After that first meeting, Grandpa Nate and I took Tillie Nachman, a former New York City person who had never learned to drive, to the stationery store so that she could buy the invitations. While she shopped for the invitations, Grandpa and I went to Wal-Mart to pick up Grandma’s prescription, and that is when we saw the red wagon special. Grandpa bought it for me, and it’s a good thing he did. It came in handy until Allen came along.

•  •

I checked my list. Post-it notes. I had bought them when we ran out of invitations. Of course, we didn’t run out of invitations until Tillie’s cat got its paws into the ink.

•  •

Tillie was filling in the who-what-when-and-where on the invitations when I noticed that she had the prettiest handwriting I had ever seen. Calligraphy, she said. It means beautiful writing, and she asked me if I would like to learn how to write like her. I said yes. She said she would give me lessons if I would help her address the envelopes. So Grandpa drove us to an art supply store where she bought me a calligraphy pen and a bottle of ink. It was while Tillie was trying out various pen points (called nibs) that she made the remark about the ballpoint pen being the biggest single factor in the decline of Western Civilization.

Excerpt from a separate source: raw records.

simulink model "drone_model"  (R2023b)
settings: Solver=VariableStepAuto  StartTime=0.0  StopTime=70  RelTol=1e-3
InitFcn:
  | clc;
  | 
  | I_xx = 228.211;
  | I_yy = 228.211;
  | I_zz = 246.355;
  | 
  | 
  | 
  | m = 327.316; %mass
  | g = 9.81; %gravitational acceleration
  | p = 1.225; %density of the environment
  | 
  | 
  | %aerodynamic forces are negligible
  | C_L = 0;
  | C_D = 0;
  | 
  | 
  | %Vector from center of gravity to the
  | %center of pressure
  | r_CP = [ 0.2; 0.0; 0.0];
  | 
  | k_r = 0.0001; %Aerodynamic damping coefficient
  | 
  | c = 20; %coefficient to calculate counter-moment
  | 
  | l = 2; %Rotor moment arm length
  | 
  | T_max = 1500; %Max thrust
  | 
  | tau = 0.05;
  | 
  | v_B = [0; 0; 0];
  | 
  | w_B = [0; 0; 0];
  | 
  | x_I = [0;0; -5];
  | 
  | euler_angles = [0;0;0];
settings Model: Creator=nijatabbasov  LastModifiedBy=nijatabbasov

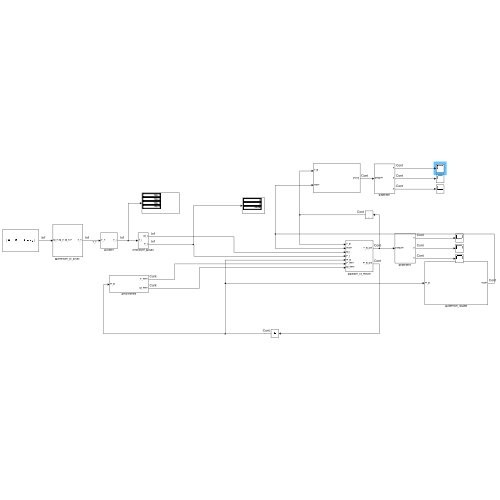
[thumbnail: Simulink's stored preview of the top-level diagram]
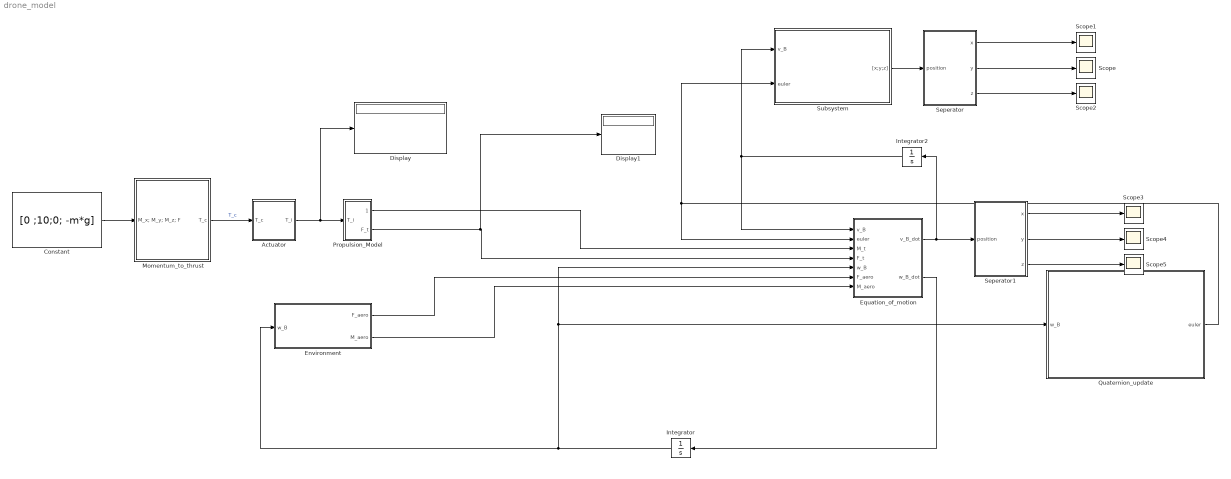
== system drone_model ==
  Actuator : Subsystem
  Constant : Constant  Value=[0 ;10;0; -m*g]
  Display : Display
  Display1 : Display
  Environment : Subsystem
  Equation_of_motion : Subsystem
  Integrator : Integrator  InitialCondition=[0; 0; 0]
  Integrator2 : Integrator  InitialCondition=[0; 0; 0]
  "Momentum_to_thrust " : Subsystem
  Propulsion_Model : Subsystem
  Quaternion_update : Subsystem
  Scope{,1..5} (6 alike) : Scope
  Seperator : Subsystem
  Seperator1 : Subsystem
  Subsystem : Subsystem
  wires:
  Constant/1 -> "Momentum_to_thrust "/1(M_x; M_y; M_z; F)
  Integrator/1 -> Equation_of_motion/5(w_B), Quaternion_update/1(w_B), Environment/1(w_B)
  Integrator2/1 -> Equation_of_motion/1(v_B), Subsystem/1(v_B)
  Propulsion_Model/1(M_t) -> Equation_of_motion/3(M_t)
  Propulsion_Model/2(F_t) -> Display1/1, Equation_of_motion/4(F_t)
  Environment/1(F_aero) -> Equation_of_motion/6(F_aero)
  Environment/2(M_aero) -> Equation_of_motion/7(M_aero)
  "Momentum_to_thrust "/1(T_c) -> Actuator/1(T_c)  "T_c"
  Actuator/1(T_i) -> Display/1, Propulsion_Model/1(T_i)
  Quaternion_update/1(euler) -> Subsystem/2(euler), Equation_of_motion/2(euler)
  Equation_of_motion/2(w_B_dot) -> Integrator/1
  Subsystem/1("[x;y;z]") -> Seperator/1(position)
  Seperator/1(x) -> Scope1/1
  Seperator/2(y) -> Scope/1
  Seperator/3(z) -> Scope2/1
  Seperator1/3(z) -> Scope5/1
  Equation_of_motion/1(v_B_dot) -> Seperator1/1(position), Integrator2/1
  Seperator1/1(x) -> Scope3/1
  Seperator1/2(y) -> Scope4/1

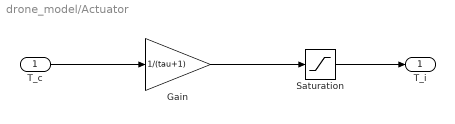
== system drone_model/Actuator ==
  T_c : Inport
  Gain : Gain  Gain=1/(tau+1)
  Saturation : Saturate  UpperLimit=1500  LowerLimit=0
  T_i : Outport
  wires:
  T_c/1 -> Gain/1
  Gain/1 -> Saturation/1
  Saturation/1 -> T_i/1

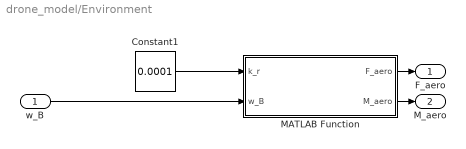
== system drone_model/Environment ==
  w_B : Inport
  Constant1 : Constant  Value=0.0001
  MATLAB Function : MATLAB Function  TreatAsAtomicUnit=on
  F_aero : Outport
  M_aero : Outport  Port=2
  wires:
  w_B/1 -> MATLAB Function/2(w_B)
  MATLAB Function/2(M_aero) -> M_aero/1
  MATLAB Function/1(F_aero) -> F_aero/1
  Constant1/1 -> MATLAB Function/1(k_r)

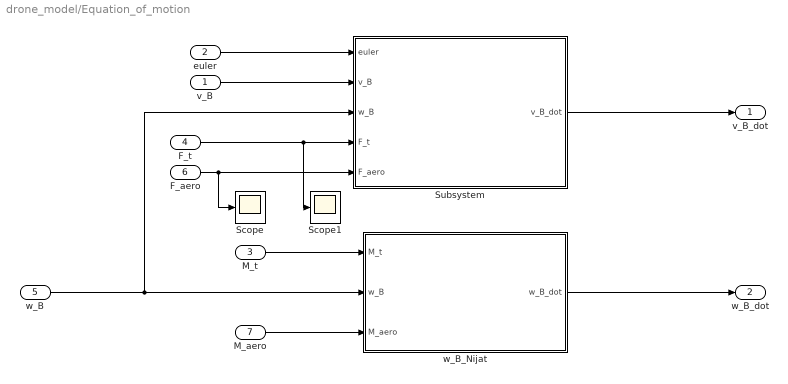
== system drone_model/Equation_of_motion ==
  v_B : Inport
  euler : Inport  Port=2
  M_t : Inport  Port=3
  F_t : Inport  Port=4
  w_B : Inport  Port=5
  F_aero : Inport  Port=6
  M_aero : Inport  Port=7
  Scope : Scope
  Scope1 : Scope
  Subsystem : Subsystem
  w_B_Nijat : Subsystem
  v_B_dot : Outport
  w_B_dot : Outport  Port=2
  wires:
  euler/1 -> Subsystem/1(euler)
  Subsystem/1(v_B_dot) -> v_B_dot/1
  w_B/1 -> Subsystem/3(w_B), w_B_Nijat/2(w_B)
  F_aero/1 -> Subsystem/5(F_aero), Scope/1
  F_t/1 -> Subsystem/4(F_t), Scope1/1
  v_B/1 -> Subsystem/2(v_B)
  M_t/1 -> w_B_Nijat/1(M_t)
  w_B_Nijat/1(w_B_dot) -> w_B_dot/1
  M_aero/1 -> w_B_Nijat/3(M_aero)

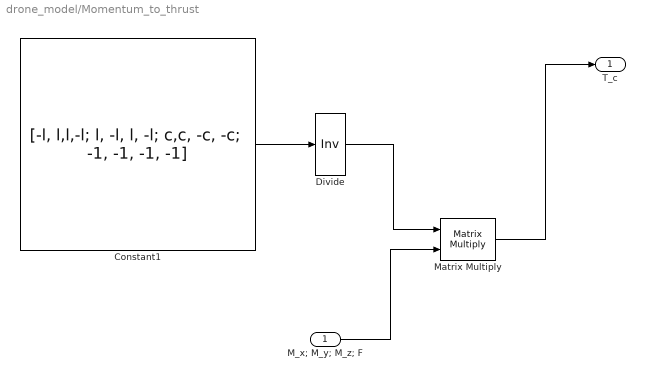
== system drone_model/Momentum_to_thrust  ==
  M_x; M_y; M_z; F : Inport
  Constant1 : Constant  Value=[-l, l,l,-l; l, -l, l, -l; c,c, -c, -c; -1, -1, -1, -1]
  Divide : Product  Inputs=/  Multiplication=Matrix(*)  OutDataTypeStr=double
  Matrix Multiply : Product  Multiplication=Matrix(*)
  T_c : Outport
  wires:
  M_x; M_y; M_z; F/1 -> Matrix Multiply/2
  Matrix Multiply/1 -> T_c/1
  Divide/1 -> Matrix Multiply/1
  Constant1/1 -> Divide/1

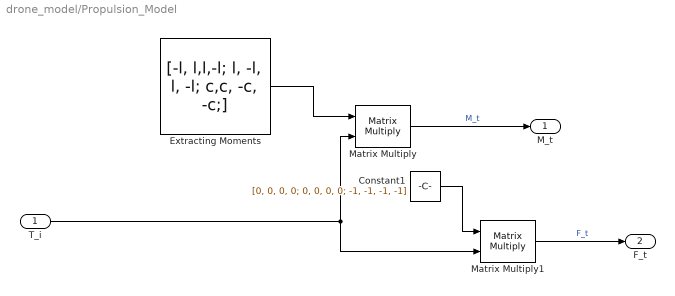
== system drone_model/Propulsion_Model ==
  T_i : Inport
  Constant1 : Constant  Value=[0, 0, 0, 0; 0, 0, 0, 0; -1, -1, -1, -1]
  Extracting Moments : Constant  Value=[-l, l,l,-l; l, -l, l, -l; c,c, -c, -c;]
  Matrix Multiply : Product  Multiplication=Matrix(*)
  Matrix Multiply1 : Product  Multiplication=Matrix(*)
  M_t : Outport
  F_t : Outport  Port=2
  wires:
  T_i/1 -> Matrix Multiply1/2, Matrix Multiply/2
  Matrix Multiply/1 -> M_t/1  "M_t"
  Extracting Moments/1 -> Matrix Multiply/1
  Matrix Multiply1/1 -> F_t/1  "F_t"
  Constant1/1 -> Matrix Multiply1/1

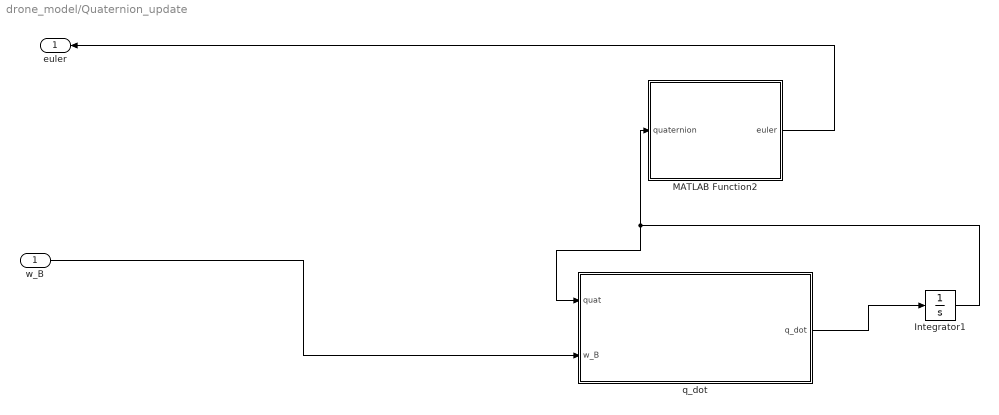
== system drone_model/Quaternion_update ==
  w_B : Inport
  Integrator1 : Integrator  InitialCondition=[1; 0; 0; 0]
  MATLAB Function2 : MATLAB Function  TreatAsAtomicUnit=on
  q_dot : MATLAB Function  TreatAsAtomicUnit=on
  euler : Outport
  wires:
  MATLAB Function2/1(euler) -> euler/1
  w_B/1 -> q_dot/2(w_B)
  Integrator1/1 -> MATLAB Function2/1(quaternion), q_dot/1(quat)
  q_dot/1(q_dot) -> Integrator1/1

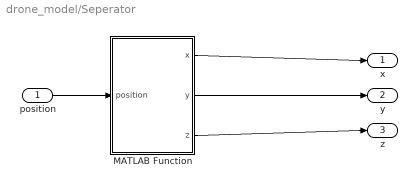
== system drone_model/Seperator ==
  position : Inport
  MATLAB Function : MATLAB Function  TreatAsAtomicUnit=on
  x : Outport
  y : Outport  Port=2
  z : Outport  Port=3
  wires:
  MATLAB Function/2(y) -> y/1
  position/1 -> MATLAB Function/1(position)
  MATLAB Function/1(x) -> x/1
  MATLAB Function/3(z) -> z/1

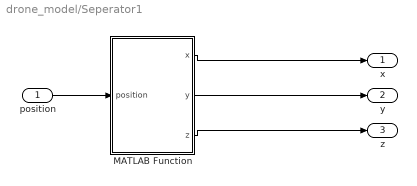
== system drone_model/Seperator1 ==
  position : Inport
  MATLAB Function : MATLAB Function  TreatAsAtomicUnit=on
  x : Outport
  y : Outport  Port=2
  z : Outport  Port=3
  wires:
  MATLAB Function/2(y) -> y/1
  position/1 -> MATLAB Function/1(position)
  MATLAB Function/1(x) -> x/1
  MATLAB Function/3(z) -> z/1

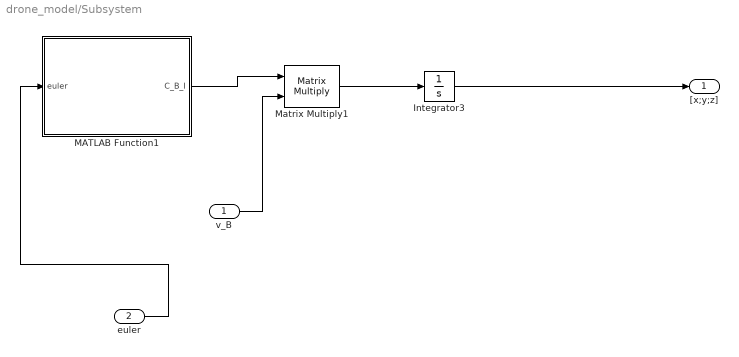
== system drone_model/Subsystem ==
  v_B : Inport
  euler : Inport  Port=2
  Integrator3 : Integrator  InitialCondition=[0; 0; -5]
  MATLAB Function1 : MATLAB Function  TreatAsAtomicUnit=on
  Matrix Multiply1 : Product  Multiplication=Matrix(*)
  "[x;y;z]" : Outport
  wires:
  v_B/1 -> Matrix Multiply1/2
  euler/1 -> MATLAB Function1/1(euler)
  Integrator3/1 -> "[x;y;z]"/1
  MATLAB Function1/1(C_B_I) -> Matrix Multiply1/1
  Matrix Multiply1/1 -> Integrator3/1

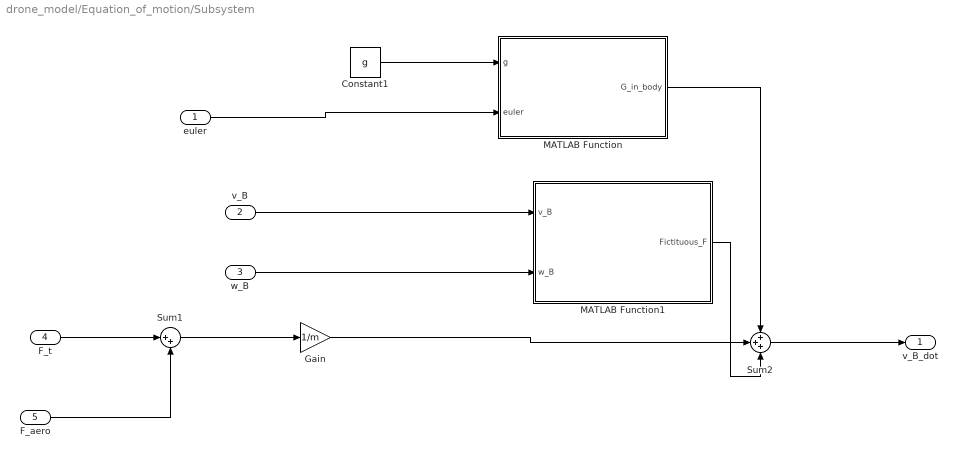
== system drone_model/Equation_of_motion/Subsystem ==
  euler : Inport
  v_B : Inport  Port=2
  w_B : Inport  Port=3
  F_t : Inport  Port=4
  F_aero : Inport  Port=5
  Constant1 : Constant  Value=g
  Gain : Gain  Gain=1/m
  MATLAB Function : MATLAB Function  TreatAsAtomicUnit=on
  MATLAB Function1 : MATLAB Function  TreatAsAtomicUnit=on
  Sum1 : Sum  Inputs=|++
  Sum2 : Sum  Inputs=+++
  v_B_dot : Outport
  wires:
  F_t/1 -> Sum1/1
  F_aero/1 -> Sum1/2
  w_B/1 -> MATLAB Function1/2(w_B)
  MATLAB Function/1(G_in_body) -> Sum2/1
  Constant1/1 -> MATLAB Function/1(g)
  euler/1 -> MATLAB Function/2(euler)
  MATLAB Function1/1(Fictituous_F) -> Sum2/3
  Gain/1 -> Sum2/2
  v_B/1 -> MATLAB Function1/1(v_B)
  Sum2/1 -> v_B_dot/1
  Sum1/1 -> Gain/1

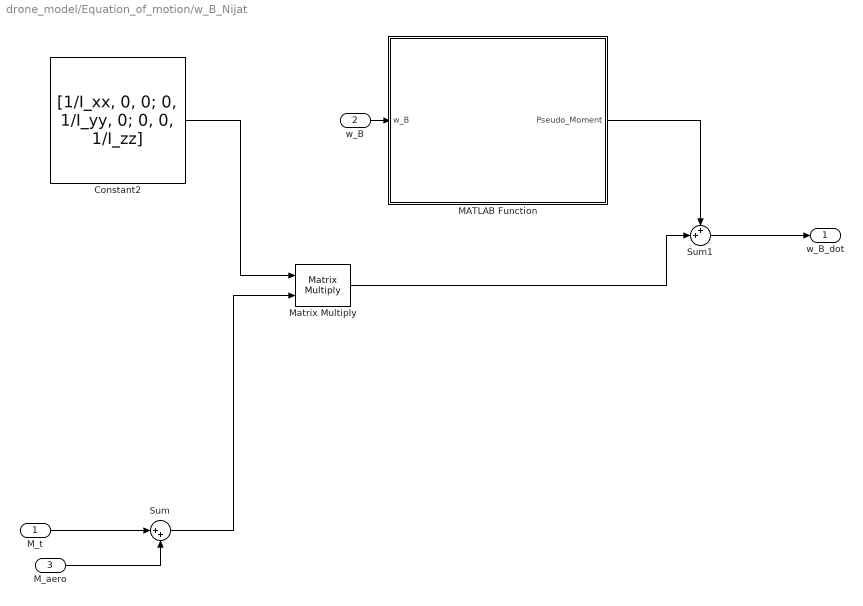
== system drone_model/Equation_of_motion/w_B_Nijat ==
  M_t : Inport
  w_B : Inport  Port=2
  M_aero : Inport  Port=3
  Constant2 : Constant  Value=[1/I_xx, 0, 0; 0, 1/I_yy, 0; 0, 0, 1/I_zz]
  MATLAB Function : MATLAB Function  TreatAsAtomicUnit=on
  Matrix Multiply : Product  Multiplication=Matrix(*)
  Sum : Sum  Inputs=|++
  Sum1 : Sum  Inputs=++|
  w_B_dot : Outport
  wires:
  M_t/1 -> Sum/1
  Matrix Multiply/1 -> Sum1/2
  w_B/1 -> MATLAB Function/1(w_B)
  Sum1/1 -> w_B_dot/1
  M_aero/1 -> Sum/2
  MATLAB Function/1(Pseudo_Moment) -> Sum1/1
  Constant2/1 -> Matrix Multiply/1
  Sum/1 -> Matrix Multiply/2

== matlab function drone_model/Equation_of_motion/Subsystem/MATLAB Function ==
  data: g input; G_in_body output; euler input
function G_in_body = G_in_body(g, euler)
    % This function evaluates derivative of vehicle speed in body frame 
    % and angular velocity of the center of gravity of the vehicle
    %Acceler is (F_thrust + F_aero)/m
    phi = euler(1);
    theta = euler(2);
    

    
    frame_change = [-sin(theta); sin(phi)*cos(theta); cos(phi)* cos(theta)];


    G_in_body = frame_change * g;
   
end

== matlab function drone_model/Environment/MATLAB Function ==
  data: k_r input; F_aero output; w_B input; M_aero output
function [F_aero, M_aero] = F_aero_M_aero(k_r, w_B)

    F_aero = 0;
    M_aero = - k_r * w_B;

== matlab function drone_model/Equation_of_motion/Subsystem/MATLAB Function1 ==
  data: v_B input; Fictituous_F output; w_B input
function Fictituous_F = Fictituous_F(v_B, w_B)
    % This function evaluates derivative of vehicle speed in body frame 
    % and angular velocity of the center of gravity of the vehicle
    
    p = w_B(1);
    q = w_B(2);
    r = w_B(3);


    w_x = [0, -r,  q;
           r,  0, -p;
          -1   p   0   ];

   

    Fictituous_F = w_x * v_B;
    
end

== matlab function drone_model/Equation_of_motion/w_B_Nijat/MATLAB Function ==
  data: w_B input; Pseudo_Moment output
function Pseudo_Moment = Pseudo_Moment(w_B)
    % This function evaluates value of w*(Iw)
   
    p = w_B(1);
    q = w_B(2);
    r = w_B(3);


    
    
   
    I_xx = 228.211; 
    I_yy = 228.211;
    I_zz = 246.355;



    Pseudo_Moment = [(I_yy-I_zz)*q*r/I_xx; (I_zz - I_xx)*p*r/I_yy; (I_xx - I_yy)*p*q/I_zz];
   
    
end

== matlab function drone_model/Quaternion_update/q_dot ==
  data: quat input; q_dot output; w_B input
function q_dot = q_dot(quat, w_B)
    q_0 = quat(1);
    q_1 = quat(2);
    q_2 = quat(3);
    q_3 = quat(4);

    p = w_B(1);
    q = w_B(2);
    r = w_B(3);

    epsilon_q = 1-(q_0^2 + q_1^2 + q_2^2 + q_3^2);

    C_k = 5;
    A = [0, -p, -q, -r;
         p,  0,  r, -q;
         q, -r,  0,  p;
         r,  q, -p,  0];

    
    q_dot = 1/2 * A *quat  + C_k * epsilon_q*quat;


end

== matlab function drone_model/Seperator/MATLAB Function ==
  data: x output; position input; y output; z output
function [x,y,z] = fcn(position)
    x = position(1);
    y = position(2);
    z = position(3);
    
    
end

== matlab function drone_model/Seperator1/MATLAB Function ==
  data: x output; position input; y output; z output
function [x,y,z] = fcn(position)
    x = position(1);
    y = position(2);
    z = position(3);
    
    
end

== matlab function drone_model/Subsystem/MATLAB Function1 ==
  data: euler input; C_B_I output
function C_B_I = C_B_I(euler)
    phi = euler(1);
    theta = euler(2);
    psi = euler(3);

    C_I_B = [cos(theta)*cos(psi),  cos(theta)*sin(psi), -sin(theta);
        sin(phi)*sin(theta)*cos(psi)-cos(phi)*sin(psi), sin(phi)*sin(theta)*sin(psi) + cos(phi)*cos(psi), sin(phi)*cos(theta);
        cos(phi)*sin(theta)*cos(psi) + sin(phi)*sin(psi), cos(phi)*sin(theta)*sin(psi) - sin(phi)*cos(psi), cos(phi)*cos(theta)];
    C_B_I = transpose(C_I_B);

== matlab function drone_model/Quaternion_update/MATLAB Function2 ==
  data: quaternion input; euler output
function euler = quaternionToEuler(quaternion)
    % quaternionToEuler converts a quaternion to Euler angles (roll, pitch, yaw).
    q_0 = quaternion(1);
    q_1 = quaternion(2);
    q_2 = quaternion(3);
    q_3 = quaternion(4);

    c_11 = q_0^2 + q_1^2 - q_2^2 - q_3^2;
    c_12 = 2*(q_1*q_2 + q_0*q_3);
    c_13 = 2*(q_1 * q_3 - q_0 *q_2);
    c_23 = 2*(q_2 * q_3 + q_0 * q_1);
    c_33 = q_0^2 + q_3^2 - q_1^2 - q_2^2;


    phi = atan(c_23/ c_33);
    theta = asin(-c_13);
    psi = atan(c_12/c_11);

    euler = [phi; theta; psi];

After choosing a nib Tillie said, I hope in the future, Noah, that you will use a ballpoint pen only when you have to press hard to make multiple carbons.

I couldn’t promise that. There were times in school when a person had to do things fast, cheap, and without character.

Tillie said, There are pens that come with ink in a cartridge, Noah, but I will have nothing to do with them. So when we were back at her condo, Tillie taught me how to fill a pen, or, as she said, "How to properly fill a pen."

One: Turn the filling plunger counterclockwise as far as it will go. Two: Dip the nib completely into the ink. Three: Turn the filling plunger clockwise until it stops. Four: Hold the nib above the ink bottle and turn the plunger counterclockwise again until three drops of ink fall back into the bottle. Five: Turn the plunger clockwise to stop the drops. Six: Wipe the excess ink completely from pen and nib.

When I told Tillie that six steps seemed a lot to have to do before you begin, she said, You must think of those six steps not as preparation for the beginning but as the beginning itself.